Work required – Write out again, please, the records below from the first line to the line holding "#9126 = LINE ( 'NONE', #27339, #12053 ) ;", inclusive, and nothing else.

Entries shown –
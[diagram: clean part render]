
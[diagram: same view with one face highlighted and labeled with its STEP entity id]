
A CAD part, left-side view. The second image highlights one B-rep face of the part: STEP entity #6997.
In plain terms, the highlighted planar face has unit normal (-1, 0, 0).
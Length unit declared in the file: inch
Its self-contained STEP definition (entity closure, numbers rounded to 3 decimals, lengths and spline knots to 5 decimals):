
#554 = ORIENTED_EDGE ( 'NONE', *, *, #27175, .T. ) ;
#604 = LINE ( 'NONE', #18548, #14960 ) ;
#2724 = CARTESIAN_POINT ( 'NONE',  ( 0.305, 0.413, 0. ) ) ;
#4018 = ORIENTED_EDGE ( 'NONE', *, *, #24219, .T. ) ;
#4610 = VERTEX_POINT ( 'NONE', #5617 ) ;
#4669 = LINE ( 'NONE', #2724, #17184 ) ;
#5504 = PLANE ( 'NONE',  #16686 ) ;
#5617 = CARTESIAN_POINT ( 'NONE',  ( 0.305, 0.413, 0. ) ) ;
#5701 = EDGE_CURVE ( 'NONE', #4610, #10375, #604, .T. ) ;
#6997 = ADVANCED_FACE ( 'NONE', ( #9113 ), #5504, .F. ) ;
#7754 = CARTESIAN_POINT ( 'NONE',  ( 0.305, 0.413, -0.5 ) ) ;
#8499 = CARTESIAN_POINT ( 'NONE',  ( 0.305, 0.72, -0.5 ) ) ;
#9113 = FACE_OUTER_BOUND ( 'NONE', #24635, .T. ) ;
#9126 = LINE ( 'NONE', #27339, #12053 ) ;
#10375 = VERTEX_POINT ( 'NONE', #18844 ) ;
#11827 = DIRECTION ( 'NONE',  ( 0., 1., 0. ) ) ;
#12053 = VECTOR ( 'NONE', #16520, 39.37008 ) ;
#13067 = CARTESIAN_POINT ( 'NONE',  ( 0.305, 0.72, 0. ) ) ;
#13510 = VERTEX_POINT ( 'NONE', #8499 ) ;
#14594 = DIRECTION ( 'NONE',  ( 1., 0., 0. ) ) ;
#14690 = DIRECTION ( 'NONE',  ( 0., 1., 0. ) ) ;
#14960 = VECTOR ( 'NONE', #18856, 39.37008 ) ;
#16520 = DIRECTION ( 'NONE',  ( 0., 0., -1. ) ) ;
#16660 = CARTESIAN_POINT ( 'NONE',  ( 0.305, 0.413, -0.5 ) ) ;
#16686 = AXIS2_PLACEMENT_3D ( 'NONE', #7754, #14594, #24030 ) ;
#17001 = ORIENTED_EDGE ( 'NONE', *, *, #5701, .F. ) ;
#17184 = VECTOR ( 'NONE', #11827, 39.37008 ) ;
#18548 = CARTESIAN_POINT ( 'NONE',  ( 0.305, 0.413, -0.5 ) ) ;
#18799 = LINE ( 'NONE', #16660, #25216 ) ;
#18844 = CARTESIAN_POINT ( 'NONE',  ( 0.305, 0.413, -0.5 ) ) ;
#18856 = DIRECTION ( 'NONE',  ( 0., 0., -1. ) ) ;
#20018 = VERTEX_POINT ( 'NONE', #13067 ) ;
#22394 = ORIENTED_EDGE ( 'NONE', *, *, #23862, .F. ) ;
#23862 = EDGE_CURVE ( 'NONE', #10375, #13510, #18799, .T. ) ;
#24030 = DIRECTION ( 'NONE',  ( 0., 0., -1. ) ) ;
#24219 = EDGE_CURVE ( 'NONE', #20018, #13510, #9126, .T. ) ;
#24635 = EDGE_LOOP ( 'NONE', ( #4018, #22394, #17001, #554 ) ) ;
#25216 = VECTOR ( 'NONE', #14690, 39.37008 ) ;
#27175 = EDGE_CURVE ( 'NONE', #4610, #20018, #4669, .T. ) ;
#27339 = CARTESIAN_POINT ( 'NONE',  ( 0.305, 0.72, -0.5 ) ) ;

Output for this exercise –
[diagram: clean part render]
[diagram: same view with one face highlighted and labeled with its STEP entity id]
A CAD part, left-side view. The second image highlights one B-rep face of the part: STEP entity #6997.
In plain terms, the highlighted planar face has unit normal (-1, 0, 0).
Length unit declared in the file: inch
Its self-contained STEP definition (entity closure, numbers rounded to 3 decimals, lengths and spline knots to 5 decimals):
#554 = ORIENTED_EDGE ( 'NONE', *, *, #27175, .T. ) ;
#604 = LINE ( 'NONE', #18548, #14960 ) ;
#2724 = CARTESIAN_POINT ( 'NONE',  ( 0.305, 0.413, 0. ) ) ;
#4018 = ORIENTED_EDGE ( 'NONE', *, *, #24219, .T. ) ;
#4610 = VERTEX_POINT ( 'NONE', #5617 ) ;
#4669 = LINE ( 'NONE', #2724, #17184 ) ;
#5504 = PLANE ( 'NONE',  #16686 ) ;
#5617 = CARTESIAN_POINT ( 'NONE',  ( 0.305, 0.413, 0. ) ) ;
#5701 = EDGE_CURVE ( 'NONE', #4610, #10375, #604, .T. ) ;
#6997 = ADVANCED_FACE ( 'NONE', ( #9113 ), #5504, .F. ) ;
#7754 = CARTESIAN_POINT ( 'NONE',  ( 0.305, 0.413, -0.5 ) ) ;
#8499 = CARTESIAN_POINT ( 'NONE',  ( 0.305, 0.72, -0.5 ) ) ;
#9113 = FACE_OUTER_BOUND ( 'NONE', #24635, .T. ) ;
#9126 = LINE ( 'NONE', #27339, #12053 ) ;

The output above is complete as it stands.